▶ [RECORD SET]
^^^^

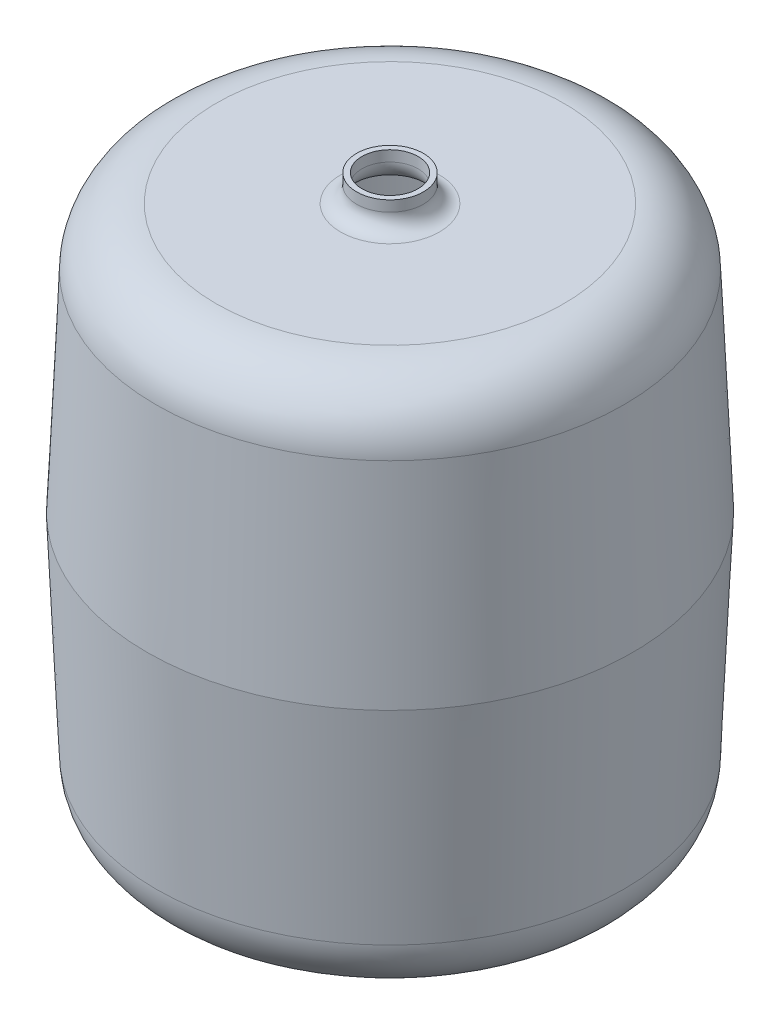
SolidWorks part; units mm, degrees
material "1060 Alloy"
ref_plane "Front Plane" through (0, 0, 0) normal (0, 0, 1) x (1, 0, 0)
ref_plane "Top Plane" through (0, 0, 0) normal (0, 1, 0) x (1, 0, 0)
ref_plane "Right Plane" through (0, 0, 0) normal (1, 0, 0) x (0, 0, -1)
sketch "Sketch1" plane through (0, 0, 0) normal (0, 0, 1) x (1, 0, 0)
  line L0 (0, 434.4122) -> (0, 0) construction
  line L1 (0, 0) -> (130.0428, 0)
  line L2 (175, 43.0371) -> (181.8531, 200)
  line L3 (181.8531, 200) -> (175, 356.9629)
  line L4 (130.0428, 400) -> (37, 400)
  line L5 (-50.5775, 200) -> (321.1421, 200) construction
  line L6 (25, 412) -> (25, 420)
  line L7 (0, 4) -> (130.0428, 4)
  line L8 (171.0038, 43.2116) -> (177.8493, 200)
  line L9 (177.8493, 200) -> (171.0038, 356.7884)
  line L10 (130.0428, 396) -> (37, 396)
  line L11 (21, 412) -> (21, 420)
  line L12 (21, 420) -> (25, 420)
  line L13 (0, 4) -> (0, 0)
  arc A0 (130.0428, 0) -> (175, 43.0371) centre (130.0428, 45) ccw
  arc A1 (175, 356.9629) -> (130.0428, 400) centre (130.0428, 355) ccw
  arc A2 (37, 400) -> (25, 412) centre (37, 412) cw
  arc A3 (130.0428, 4) -> (171.0038, 43.2116) centre (130.0428, 45) ccw
  arc A4 (171.0038, 356.7884) -> (130.0428, 396) centre (130.0428, 355) ccw
  arc A5 (37, 396) -> (21, 412) centre (37, 412) cw
  dimension "D2" = 92.5
  dimension "D5" = 45
  dimension "D6" = 45
  dimension "D8" = 25
  dimension "D9" = 12
  dimension "D3" = 400
  dimension "D4" = 175
  dimension "D7" = 200
  dimension "D10" = 20
  dimension "D12" = 92.5
  dimension "D11" = 4
revolve "Revolve1" add sketch "Sketch1" angle 360 about L0
equation "\"A\"= 350"
equation "\"B\"= 400"
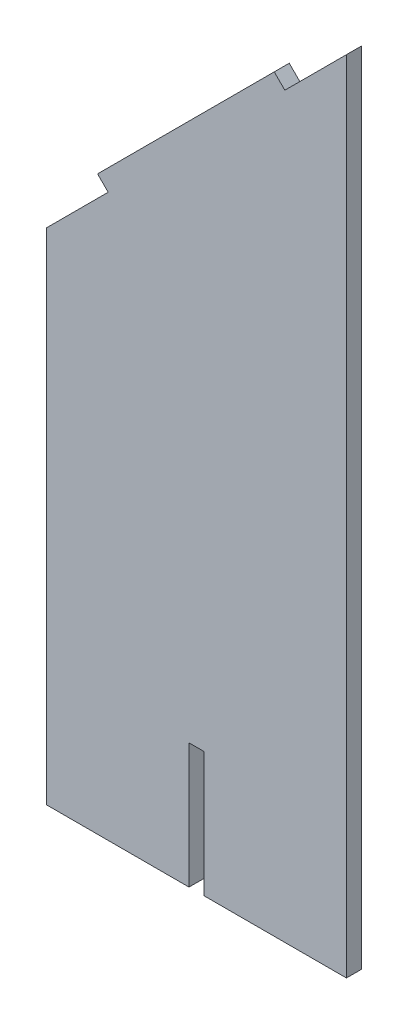
SolidWorks part; units mm, degrees
ref_plane "Plan de face" through (0, 0, 0) normal (0, 0, 1) x (1, 0, 0)
ref_plane "Plan de dessus" through (0, 0, 0) normal (0, 1, 0) x (1, 0, 0)
ref_plane "Plan de droite" through (0, 0, 0) normal (1, 0, 0) x (0, 0, -1)
sketch "Esquisse1" plane through (0, 0, 0) normal (0, 0, 1) x (1, 0, 0)
  line L1 (0, 0) -> (28.5, 0)
  line L2 (0, 0) -> (0, 100)
  line L3 (0, 100) -> (60, 100)
  line L4 (60, 0) -> (60, 100)
  line L5 (60, 100) -> (0, 100)
  line L9 (60, 160) -> (60, 100)
  line L10 (28.5, 0) -> (28.5, 25)
  line L11 (28.5, 25) -> (31.5, 25)
  line L12 (31.5, 25) -> (31.5, 0)
  line L13 (0, 100) -> (12.3213, 112.3213)
  line L14 (12.3213, 112.3213) -> (10.2, 114.4427)
  line L15 (10.2, 114.4427) -> (45.5554, 149.798)
  line L16 (31.5, 0) -> (60, 0)
  line L17 (45.5554, 149.798) -> (47.6767, 147.6767)
  line L18 (47.6767, 147.6767) -> (60, 160)
  point P8 (30, 25)
  dimension "D1" = 60
  dimension "D2" = 100
  dimension "D3" = 84.8528
  dimension "D4" = 3
  dimension "D5" = 25
  dimension "D8" = 17.425
  dimension "D9" = 50
  dimension "D10" = 3
extrude "Boss.-Extru.1" add sketch "Esquisse1" along normal blind 3
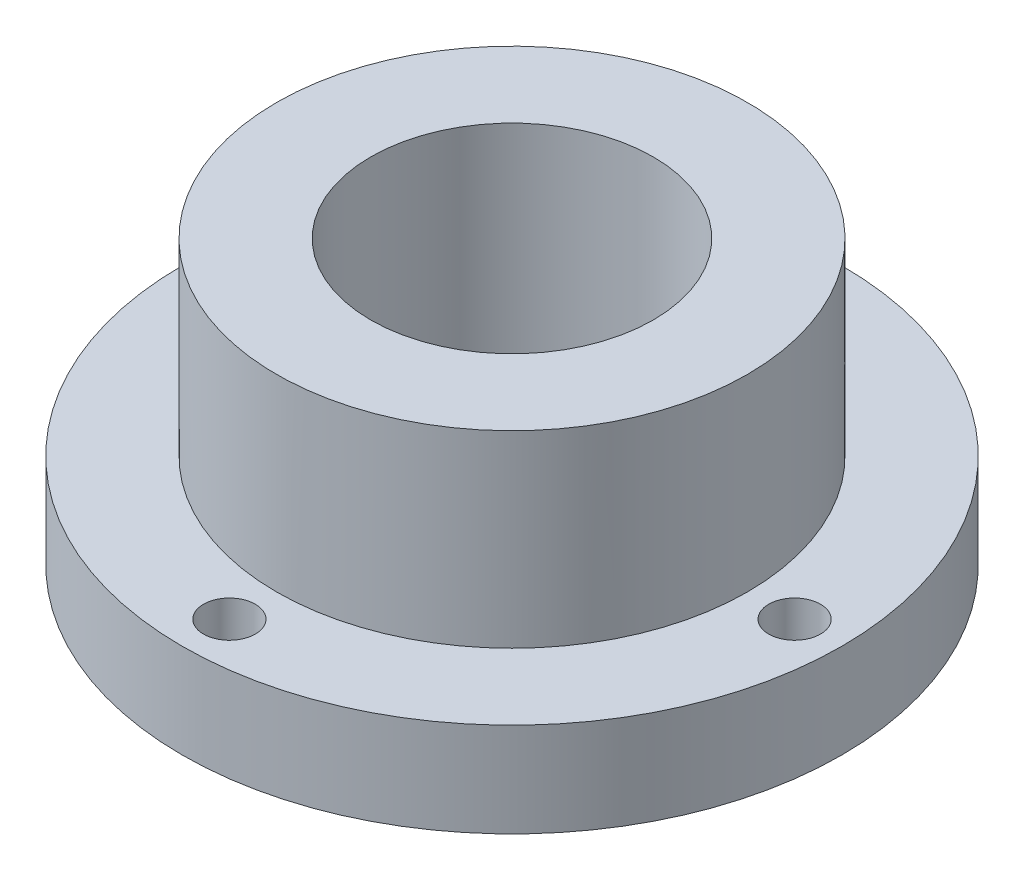
SolidWorks part; units mm, degrees
ref_plane "前视基准面" through (0, 0, 0) normal (0, 0, 1) x (1, 0, 0)
ref_plane "上视基准面" through (0, 0, 0) normal (0, 1, 0) x (1, 0, 0)
ref_plane "右视基准面" through (0, 0, 0) normal (1, 0, 0) x (0, 0, -1)
sketch "草图1" plane through (0, 0, 0) normal (0, 1, 0) x (1, 0, 0)
  circle A0 centre (0, 0) radius 35
  dimension "D1" = 70
extrude "凸台-拉伸1" add sketch "草图1" along normal blind 10
sketch "草图4" plane through (0, 0, 0) normal (0, -1, 0) x (1, 0, 0)
  circle A0 centre (0, 0) radius 15
  dimension "D1" = 30
extrude "拉伸-薄壁1" add sketch "草图4" against normal blind 30 thin
sketch "草图5" plane through (0, 10, 0) normal (0, 1, 0) x (1, 0, 0)
  circle A0 centre (0, 0) radius 30 construction
  point P3 (30, 0)
  point P7 (0, -30)
  point P8 (-30, 0)
  point P9 (0, 30)
  dimension "D1" = 60
  dimension "D2" = 4
hole_wizard "孔1" positions "草图5" profile "草图6" legacy end condition up to next
sketch "草图6" plane through (0, 10, -30) normal (1, 0, 0) x (0, 0, 1)
  line L0 (0, 0) -> (0, 10)
  line L1 (0, 10) -> (2.75, 10)
  line L2 (2.75, 10) -> (2.75, 0)
  line L3 (2.75, 0) -> (0, 0)
  line L4 (0, 110) -> (0, -10) construction
  dimension "直径" = 5.5
  dimension "深度" = 10
sketch "草图7" plane through (0, 10, 0) normal (0, 1, 0) x (1, 0, 0)
  circle A0 centre (0, 0) radius 15
  dimension "D1" = 30
extrude "切除-拉伸1" cut sketch "草图7" against normal through all

^^^^

▶ [EXERCISE OBJECTIVE]
Your answer is to contain exactly the lines from the one holding "point P3 (30, 0)" to the end of the entries, with no other line.

▶ [RESULT]
  point P3 (30, 0)
  point P7 (0, -30)
  point P8 (-30, 0)
  point P9 (0, 30)
  dimension "D1" = 60
  dimension "D2" = 4
hole_wizard "孔1" positions "草图5" profile "草图6" legacy end condition up to next
sketch "草图6" plane through (0, 10, -30) normal (1, 0, 0) x (0, 0, 1)
  line L0 (0, 0) -> (0, 10)
  line L1 (0, 10) -> (2.75, 10)
  line L2 (2.75, 10) -> (2.75, 0)
  line L3 (2.75, 0) -> (0, 0)
  line L4 (0, 110) -> (0, -10) construction
  dimension "直径" = 5.5
  dimension "深度" = 10
sketch "草图7" plane through (0, 10, 0) normal (0, 1, 0) x (1, 0, 0)
  circle A0 centre (0, 0) radius 15
  dimension "D1" = 30
extrude "切除-拉伸1" cut sketch "草图7" against normal through all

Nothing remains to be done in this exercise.